Robotti tractors have been trialled with a range of crops, including potatoes, onions, oilseed rape and vegetables.


They have two diesel engines, four-wheel drive and a standard three-point linkage. Fuel consumption is low at three to six litres/hour.


The Robotti weighs roughly 3t, making it lighter than a conventional tractor.


The company has been focusing initially on sales in Europe and North America, although has begun expanding into the UK market and is working with Warwickshire-based sales and service provider Autonomous Agri Solutions.


CropLens AI: Crop management from space


UK-based Agrimetrics has launched an artificial intelligence service called CropLens AI that can identify and analyse crops using satellite imaging.

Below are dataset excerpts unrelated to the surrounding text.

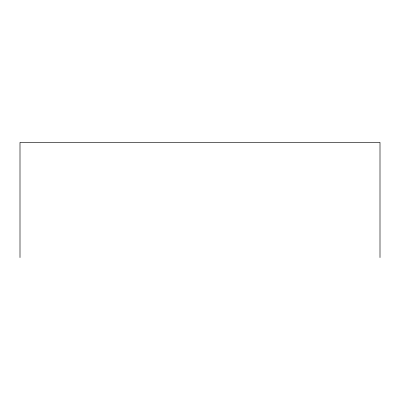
<?xml version="1.0" encoding="UTF-8"?>
<svg xmlns="http://www.w3.org/2000/svg" width="400" height="400" viewBox="0 0 400 400"><rect width="100%" height="100%" fill="white"/><g stroke="black" fill="none" stroke-linecap="round" stroke-linejoin="round"><path stroke-width="0.6" d="M380 257.615L380 142.385L20 142.385L20 257.615"/></g></svg>
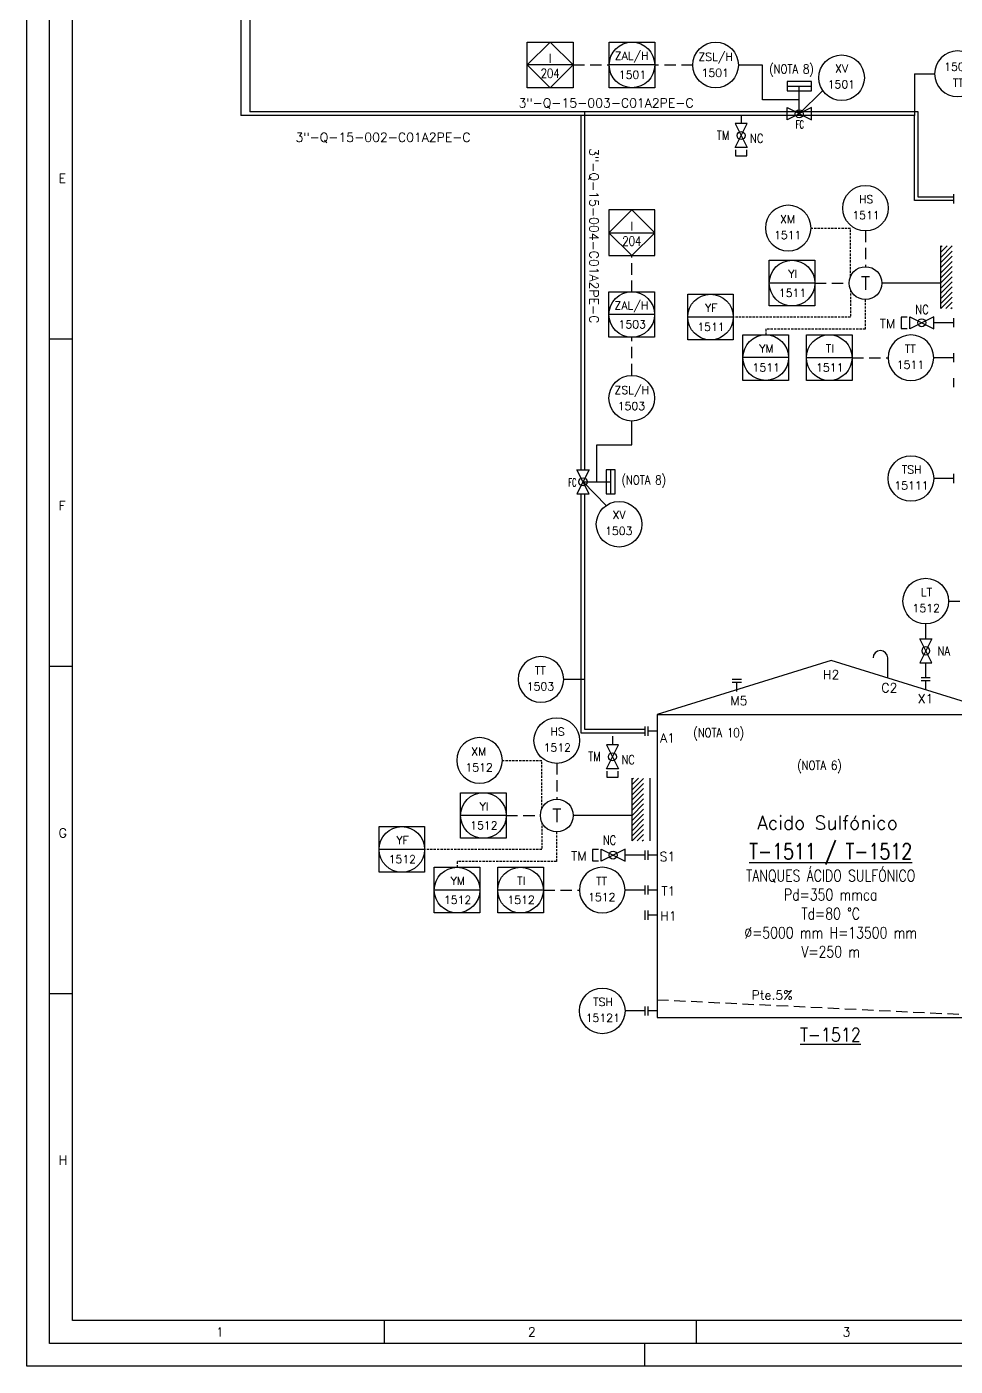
# Model space of a CAD drawing. Header units: metres. Extents: x 91 to 3133, y 1612 to 2206.
# Drawn here: x 90.8 to 294.4, y 1611.7 to 1905.4 of the extents above; entities that cross this region are included whole.
import ezdxf
from ezdxf.enums import TextEntityAlignment as Align

# ---------------------------------------------------------------- set-up
doc = ezdxf.new("R2010")
doc.units = ezdxf.units.M
doc.linetypes.add('TRAZOS', pattern=[0.75, 0.5, -0.25])
for name, color, linetype in [('CAJETIN', 1, 'Continuous'), ('EQUIPOS', 5, 'Continuous'), ('EQUIPOS 02', 1, 'Continuous'), ('FORMATO', 7, 'Continuous'), ('INSTRUMENTOS', 1, 'Continuous'), ('TEX', 7, 'Continuous'), ('TEXTO-INSTRUMENTACION', 7, 'Continuous'), ('TEXTO-VALVULAS Y ACCESORIOS', 7, 'Continuous'), ('TUBERIA', 5, 'Continuous'), ('TUBERÍA2', 1, 'TRAZOS'), ('VALVULAS Y ACCESORIOS', 1, 'Continuous')]:
    doc.layers.add(name, color=color, linetype=linetype)
doc.styles.add('PY', font='ROMANS.shx')
doc.styles.add('PY1', font='ROMANS.shx', dxfattribs={"width": 0.8})
doc.styles.add('PY3', font='ROMANS.shx', dxfattribs={"width": 0.6})
doc.styles.add('TXT', font='txt')
doc.linetypes.add('SEÑAL_MECANICA2', pattern='A,4.411183,["o",PY,S=4.130212,R=360,X=0,Y=-1.374288],0.588817,-0.374158,["",PY,S=2,R=360,X=0,Y=-0.688262],-2.183682', length=7.55784)

# ---------------------------------------------------------------- blocks, each defined once
blk = doc.blocks.new('VALV GLOB-V')
at = {"layer": 'INSTRUMENTOS', "color": 1, "flags": 128}
blk.add_lwpolyline([(5.7, -1.43), (5.7, 1.43), (0, -1.43), (0, 1.43)], close=True, dxfattribs=at)
at = {"layer": 'INSTRUMENTOS', "color": 1}
blk.add_circle((2.85, 0), 0.95, dxfattribs=at)
at = {"layer": 'INSTRUMENTOS', "color": 7, "linetype": 'SEÑAL_MECANICA2', "style": 'PY'}
blk.add_attdef('REF.', text='', height=2, dxfattribs=at).set_placement((3, -3.37), align=Align.MIDDLE)
blk = doc.blocks.new('SEÑAL CIR')
at = {"color": 1}
blk.add_circle((0, 5.7), 5.7, dxfattribs=at)
at = {"layer": 'INSTRUMENTOS', "linetype": 'Continuous', "style": 'PY', "flags": 4}
for p in [(0.18, 6.94), (0.13, 2.95)]:
    blk.add_attdef('---', text='', height=2, dxfattribs=at).set_placement(p, align=Align.CENTER)
blk = doc.blocks.new('SEÑAL CIRCU MARCO')
at = {"color": 1, "linetype": 'Continuous', "ltscale": 0.5}
blk.add_line((5.7, 5.7), (-5.7, 5.7), dxfattribs=at)
at = {"color": 1, "flags": 128}
blk.add_lwpolyline([(5.7, 0), (-5.7, 0), (-5.7, 11.4), (5.7, 11.4)], close=True, dxfattribs=at)
at = {"color": 1}
blk.add_circle((0, 5.7), 5.7, dxfattribs=at)
at = {"style": 'PY'}
for tag, p in [('XXX', (0.18, 7.98)), ('YYY', (0.13, 3.24))]:
    blk.add_attdef(tag, text='', height=2, dxfattribs=at).set_placement(p, align=Align.MIDDLE)
blk = doc.blocks.new('SECUENCIA PROGRAMADA EN SISTEMA DE CONTROL PLC')
at = {"layer": 'INSTRUMENTOS'}
blk.add_line((-5, 5), (5, 5), dxfattribs=at)
at = {"layer": 'INSTRUMENTOS', "flags": 128}
for points in [[(0, 0), (-5, 5), (0, 10), (5, 5)], [(-5, 0), (5, 0), (5, 10), (-5, 10)]]:
    blk.add_lwpolyline(points, close=True, dxfattribs=at)
at = {"layer": 'TEXTO-INSTRUMENTACION', "linetype": 'Continuous', "style": 'PY1', "width": 0.8}
for tag, p in [('XXX', (0.01, 6.43)), ('YYY', (0.01, 3.17))]:
    blk.add_attdef(tag, text='', height=2, dxfattribs=at).set_placement(p, align=Align.MIDDLE_CENTER)
blk = doc.blocks.new('MARCO-A1')
at = {"layer": 'FORMATO', "color": 5}
for p, q in [((5, 225.25), (10, 225.25)), ((5, 153.5), (10, 153.5)), ((5, 81.75), (10, 81.75)), ((78.42, 10), (78.42, 5)), ((146.83, 10), (146.83, 5))]:
    blk.add_line(p, q, dxfattribs=at)
at = {"layer": 'FORMATO', "color": 1, "linetype": 'Continuous'}
blk.add_line((135.5, 5), (135.5, 0), dxfattribs=at)
at = {"layer": 'FORMATO', "color": 1}
blk.add_lwpolyline([(0, 594), (841, 594), (841, 0), (0, 0)], close=True, dxfattribs=at)
at = {"layer": 'FORMATO', "color": 5}
blk.add_lwpolyline([(5, 589), (836, 589), (836, 5), (5, 5)], close=True, dxfattribs=at)
at = {"layer": 'FORMATO', "color": 8, "linetype": 'Continuous'}
blk.add_lwpolyline([(10, 584), (831, 584), (831, 10), (10, 10)], close=True, dxfattribs=at)
at = {"layer": 'FORMATO', "color": 1, "style": 'PY'}
for s, p in [('E', (7, 259.42)), ('F', (7, 187.67)), ('G', (7, 115.92)), ('H', (7, 44.17)), ('1', (41.52, 6.5)), ('2', (109.93, 6.5)), ('3', (178.99, 6.5))]:
    blk.add_text(s, height=2, dxfattribs=at).set_placement(p)

msp = doc.modelspace()

# ---------------------------------------------------------------- hatches: boundary and pattern name
at = {"layer": 'EQUIPOS'}
h = msp.add_hatch(dxfattribs=at)
h.set_pattern_fill('ANSI31', color=4, scale=0.25, style=0)
h.set_pattern_definition([(45, (-941.1424, 2647.4479), (-0.561266, 0.561266), [])])
h.paths.add_polyline_path([(291.26, 1843.59), (293.76, 1843.59), (293.76, 1857.34), (291.26, 1857.34)])
h = msp.add_hatch(dxfattribs=at)
h.set_pattern_fill('ANSI31', color=4, scale=0.25, style=0)
h.set_pattern_definition([(45, (-1008.8568, 2530.72616), (-0.561266, 0.561266), [])])
h.paths.add_polyline_path([(223.55, 1726.87), (226.05, 1726.87), (226.05, 1740.62), (223.55, 1740.62)])

# ---------------------------------------------------------------- linework, layer by layer
at = {"color": 1}
for p, q in [((252.14, 1896.98), (246.89, 1896.98)), ((252.14, 1889.31), (252.14, 1896.98)), ((285.55, 1895.05), (289.93, 1895.05)), ((285.55, 1895.05), (285.55, 1885.91)), ((260.23, 1886.29), (265.4, 1891.38)), ((260.23, 1889.31), (252.14, 1889.31)), ((247.46, 1886.01), (247.46, 1884.16)), ((291.26, 1849.16), (278.36, 1849.16)), ((294.12, 1840.47), (289.73, 1840.47)), ((294.12, 1832.81), (289.74, 1832.81)), ((223.49, 1813.68), (223.49, 1818.93)), ((215.82, 1805.59), (215.82, 1813.68)), ((215.82, 1813.68), (223.49, 1813.68)), ((294.12, 1806.32), (289.74, 1806.32)), ((212.8, 1805.59), (217.89, 1800.42)), ((287.97, 1771.19), (287.97, 1774.44)), ((287.97, 1762.67), (287.97, 1765.92)), ((212.94, 1762.28), (208.56, 1762.28)), ((219.25, 1749.8), (219.25, 1747.95)), ((223.55, 1732.44), (210.64, 1732.44)), ((226.4, 1723.75), (222.02, 1723.75)), ((226.4, 1716.09), (222.02, 1716.09)), ((226.4, 1689.6), (222.02, 1689.6))]:
    msp.add_line(p, q, dxfattribs=at)
at = {"color": 1, "flags": 128}
for points in [[(246.21, 1878.36), (246.21, 1877.04), (248.71, 1877.04), (248.71, 1878.36)], [(283.93, 1841.72), (282.62, 1841.72), (282.62, 1839.22), (283.93, 1839.22)], [(218, 1742.15), (218, 1740.83), (220.5, 1740.83), (220.5, 1742.15)], [(216.22, 1725), (214.9, 1725), (214.9, 1722.5), (216.22, 1722.5)]]:
    msp.add_lwpolyline(points, dxfattribs=at)
at = {"color": 1}
for centre in [(274.76, 1849.16), (207.04, 1732.44)]:
    msp.add_circle(centre, 3.6, dxfattribs=at)
at = {"layer": 'CAJETIN', "color": 1, "linetype": 'TRAZOS', "ltscale": 5}
for p, q in [((210.62, 1896.99), (218.54, 1896.99)), ((236.89, 1896.98), (228.54, 1896.98)), ((223.49, 1847.26), (223.49, 1855.18)), ((223.49, 1828.93), (223.49, 1837.28)), ((271.81, 1832.81), (279.74, 1832.81)), ((292.97, 1779.44), (300.9, 1779.44)), ((204.1, 1716.09), (212.02, 1716.09)), ((229.05, 1692.06), (305.47, 1688.38))]:
    msp.add_line(p, q, dxfattribs=at)
at = {"layer": 'EQUIPOS', "color": 4}
for p, q in [((291.26, 1843.59), (291.26, 1857.35)), ((223.55, 1726.87), (223.55, 1740.63)), ((227.55, 1726.87), (227.55, 1740.63))]:
    msp.add_line(p, q, dxfattribs=at)
at = {"layer": 'EQUIPOS'}
for p, q in [((267.26, 1766.45), (229.05, 1754.59)), ((305.47, 1754.59), (267.26, 1766.45)), ((229.05, 1754.59), (229.05, 1688.17)), ((229.05, 1688.17), (305.47, 1688.17))]:
    msp.add_line(p, q, dxfattribs=at)
at = {"layer": 'EQUIPOS', "linetype": 'Continuous', "flags": 128}
msp.add_lwpolyline([(279.63, 1762.61), (279.63, 1766.99, 1), (276.43, 1766.99, -1)], format="xyb", dxfattribs=at)
at = {"layer": 'EQUIPOS 02', "color": 5}
msp.add_line((229.05, 1754.59), (305.47, 1754.59), dxfattribs=at)
at = {"layer": 'TUBERIA', "color": 4, "linetype": 'Continuous'}
for p, q in [((277.66, 1885.91), (137.72, 1885.91)), ((212.38, 1808.26), (212.38, 1885.91)), ((275.6, 1885.91), (262.9, 1885.91)), ((285.55, 1885.91), (277.66, 1885.91)), ((285.55, 1885.91), (277.66, 1885.91)), ((285.55, 1867.24), (285.55, 1885.91)), ((294.12, 1867.24), (285.55, 1867.24)), ((212.38, 1750.52), (212.38, 1802.93)), ((226.4, 1750.52), (212.38, 1750.52))]:
    msp.add_line(p, q, dxfattribs=at)
at = {"layer": 'TUBERIA', "color": 5, "linetype": 'Continuous'}
for p, q in [((277.66, 1886.71), (139.67, 1886.71)), ((213.18, 1808.26), (213.18, 1886.71)), ((275.6, 1886.71), (262.9, 1886.71)), ((286.35, 1886.71), (277.66, 1886.71)), ((286.35, 1886.71), (277.66, 1886.71)), ((286.35, 1868.04), (286.35, 1886.71)), ((294.12, 1868.04), (286.35, 1868.04)), ((213.18, 1751.32), (213.18, 1802.93)), ((226.4, 1751.32), (213.18, 1751.32))]:
    msp.add_line(p, q, dxfattribs=at)
at = {"layer": 'TUBERIA', "color": 1, "linetype": 'TRAZOS', "ltscale": 5}
for p, q in [((274.76, 1860.67), (274.76, 1852.79)), ((263.65, 1849.16), (271.16, 1849.16)), ((207.04, 1743.95), (207.04, 1736.07)), ((195.94, 1732.44), (203.44, 1732.44))]:
    msp.add_line(p, q, dxfattribs=at)
at = {"layer": 'TUBERIA', "linetype": 'Continuous'}
for p, q in [((287.97, 1760.02), (287.97, 1762.01)), ((287.97, 1760.02), (287.97, 1762.01)), ((287.97, 1760.02), (287.97, 1762.01)), ((246.54, 1759.62), (246.54, 1761.6)), ((229.05, 1750.92), (227.07, 1750.92)), ((229.05, 1723.75), (227.07, 1723.75)), ((229.05, 1716.09), (227.07, 1716.09)), ((229.05, 1710.6), (227.07, 1710.6)), ((229.05, 1689.6), (227.07, 1689.6))]:
    msp.add_line(p, q, dxfattribs=at)
at = {"layer": 'TUBERIA', "color": 5, "linetype": 'Continuous'}
msp.add_lwpolyline([(675.15, 2117.94), (675.93, 2117.94), (675.93, 2001.05), (139.67, 2001.05), (139.67, 1886.71)], dxfattribs=at)
at = {"layer": 'TUBERIA', "color": 4, "linetype": 'Continuous'}
msp.add_lwpolyline([(674.35, 2117.14), (674.35, 2004.17), (137.72, 2004.17), (137.72, 1885.91)], dxfattribs=at)
at = {"layer": 'TUBERÍA2'}
for points in [[(271.49, 1850.66), (271.49, 1861.12), (262.81, 1861.12)], [(271.49, 1847.66), (271.49, 1841.72), (245.76, 1841.72)], [(274.7, 1845.56), (274.7, 1839.05), (252.89, 1839.05), (252.89, 1837.81)], [(203.77, 1733.94), (203.77, 1744.4), (195.1, 1744.4)], [(203.77, 1730.94), (203.77, 1725), (178.04, 1725)], [(206.98, 1728.84), (206.98, 1722.33), (185.17, 1722.33), (185.17, 1721.09)]]:
    msp.add_lwpolyline(points, dxfattribs=at)
at = {"layer": 'VALVULAS Y ACCESORIOS'}
for p, q in [((257.56, 1892.34), (262.9, 1892.34)), ((260.23, 1886.29), (260.23, 1892.34)), ((218.84, 1808.26), (218.84, 1802.93)), ((212.8, 1805.59), (218.84, 1805.59))]:
    msp.add_line(p, q, dxfattribs=at)
at = {"layer": 'VALVULAS Y ACCESORIOS', "ltscale": 0.1}
for p, q in [((294.12, 1866.64), (294.12, 1868.64)), ((294.12, 1839.47), (294.12, 1841.47)), ((294.12, 1831.81), (294.12, 1833.81)), ((294.12, 1826.32), (294.12, 1828.32)), ((294.12, 1805.32), (294.12, 1807.32)), ((247.54, 1762.27), (245.54, 1762.27)), ((286.97, 1762.67), (288.97, 1762.67)), ((286.97, 1762.67), (288.97, 1762.67)), ((286.97, 1762.67), (288.97, 1762.67)), ((286.97, 1762.01), (288.97, 1762.01)), ((286.97, 1762.01), (288.97, 1762.01)), ((286.97, 1762.01), (288.97, 1762.01)), ((247.54, 1761.6), (245.54, 1761.6)), ((226.4, 1749.92), (226.4, 1751.92)), ((227.07, 1749.92), (227.07, 1751.92)), ((226.4, 1722.75), (226.4, 1724.75)), ((227.07, 1722.75), (227.07, 1724.75)), ((226.4, 1715.09), (226.4, 1717.09)), ((227.07, 1715.09), (227.07, 1717.09)), ((226.4, 1709.6), (226.4, 1711.6)), ((227.07, 1709.6), (227.07, 1711.6)), ((226.4, 1688.6), (226.4, 1690.6)), ((227.07, 1688.6), (227.07, 1690.6))]:
    msp.add_line(p, q, dxfattribs=at)
at = {"layer": 'VALVULAS Y ACCESORIOS', "flags": 128}
for points in [[(257.56, 1893.34), (257.56, 1891.34), (262.9, 1891.34), (262.9, 1893.34)], [(257.56, 1884.96), (257.56, 1887.63), (262.9, 1884.96), (262.9, 1887.63)], [(211.47, 1808.26), (214.13, 1808.26), (211.47, 1802.93), (214.13, 1802.93)], [(219.84, 1808.26), (217.84, 1808.26), (217.84, 1802.93), (219.84, 1802.93)]]:
    msp.add_lwpolyline(points, close=True, dxfattribs=at)

# ---------------------------------------------------------------- block references
msp.add_blockref('MARCO-A1', (90.77, 1611.7))
ref = msp.add_blockref('SECUENCIA PROGRAMADA EN SISTEMA DE CONTROL PLC', (205.59, 1891.96), dxfattribs=dict(xscale=-1.005571670621066, yscale=1.005571670621293, zscale=1.005571670621306))
ref.add_attrib('XXX', 'I', dxfattribs={"layer": 'TEXTO-INSTRUMENTACION', "linetype": 'Continuous', "height": 2.01, "style": 'TXT'}).set_placement((205.59, 1898.43), align=Align.MIDDLE_CENTER)
ref.add_attrib('YYY', '204', dxfattribs={"layer": 'TEXTO-INSTRUMENTACION', "linetype": 'Continuous', "height": 2.011, "style": 'PY1', "width": 0.8}).set_placement((205.59, 1895.15), align=Align.MIDDLE_CENTER)
ref = msp.add_blockref('SEÑAL CIRCU MARCO', (223.54, 1891.99), dxfattribs=dict(xscale=0.8770999999999276, yscale=0.8770999999999276, zscale=0.8770999999999276))
ref.add_attrib('XXX', 'ZAL/H', dxfattribs={"height": 1.754, "style": 'PY'}).set_placement((223.48, 1898.86), align=Align.MIDDLE)
ref.add_attrib('YYY', '1501', dxfattribs={"height": 1.754, "style": 'PY'}).set_placement((223.65, 1894.83), align=Align.MIDDLE)
at = {"linetype": 'Continuous'}
ref = msp.add_blockref('SEÑAL CIR', (241.89, 1891.98), dxfattribs=dict(at, xscale=0.8770999999999276, yscale=0.8770999999999276, zscale=0.8770999999999276))
ref.add_attrib('---', 'ZSL/H', dxfattribs={"layer": 'INSTRUMENTOS', "color": 7, "linetype": 'Continuous', "height": 1.754, "style": 'PY'}).set_placement((241.89, 1897.89), align=Align.CENTER)
ref.add_attrib('---', '1501', dxfattribs={"layer": 'INSTRUMENTOS', "color": 7, "linetype": 'Continuous', "height": 1.754, "style": 'PY'}).set_placement((241.81, 1894.39), align=Align.CENTER)
ref = msp.add_blockref('SEÑAL CIR', (294.93, 1900.05), dxfattribs=dict(at, xscale=-0.8770999999999276, yscale=0.8770999999999276, zscale=0.8770999999999276, rotation=180))
ref.add_attrib('---', 'TT', dxfattribs={"layer": 'INSTRUMENTOS', "color": 7, "linetype": 'Continuous', "height": 1.754, "style": 'PY'}).set_placement((295.09, 1892.21), align=Align.CENTER)
ref.add_attrib('---', '1502', dxfattribs={"layer": 'INSTRUMENTOS', "color": 7, "linetype": 'Continuous', "height": 1.754, "style": 'PY'}).set_placement((295.04, 1895.71), align=Align.CENTER)
ref = msp.add_blockref('SEÑAL CIR', (269.53, 1889.2), dxfattribs=dict(at, xscale=0.8770999999999276, yscale=0.8770999999999276, zscale=0.8770999999999276))
ref.add_attrib('---', 'XV', dxfattribs={"layer": 'INSTRUMENTOS', "color": 7, "linetype": 'Continuous', "height": 1.754, "style": 'PY'}).set_placement((269.53, 1895.36), align=Align.CENTER)
ref.add_attrib('---', '1501', dxfattribs={"layer": 'INSTRUMENTOS', "color": 7, "linetype": 'Continuous', "height": 1.754, "style": 'PY'}).set_placement((269.46, 1891.86), align=Align.CENTER)
ref = msp.add_blockref('VALV GLOB-V', (257.56, 1886.29), dxfattribs=dict(at, xscale=0.9356729824555714, yscale=0.9356729824555714, zscale=0.9356729824555714))
ref.add_attrib('REF.', 'FC', dxfattribs={"layer": 'INSTRUMENTOS', "color": 7, "linetype": 'SEÑAL_MECANICA2', "height": 1.778, "style": 'PY3', "width": 0.6}).set_placement((260.37, 1883.95), align=Align.MIDDLE)
for p, xscale, yscale, zscale, rotation in [((247.46, 1878.89), 0.9232631578945529, 0.9232631578945529, 0.9232631578945529, 90), ((287.97, 1765.92), -0.9232631578945529, 0.9232631578947803, 0.9232631578946926, 270), ((219.25, 1742.68), 0.9232631578945529, 0.9232631578945529, 0.9232631578945529, 90)]:
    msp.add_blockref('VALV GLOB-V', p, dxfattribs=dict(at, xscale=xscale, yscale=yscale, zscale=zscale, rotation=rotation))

It has been found to provide up to 90% accuracy, depending on the time of year, and can identify five crop types: winter wheat, winter barley, oilseed rape, grass and “other”.


With data updated every six days, farmers can use the data to know where to irrigate, when to apply nitrogen, predict yields, and predict pest and disease damage.


Matthew Smith, Agrimetrics’ chief product officer, says: “Real-time, accurate and reliable knowledge of what’s happening on the ground and why, is now a critical success factor for actors across the agrifood value chain.


“Agrimetrics CropLens AI and the Agrifood Data Marketplace are making it easier, faster, and more affordable to generate actionable insights earlier in the season.”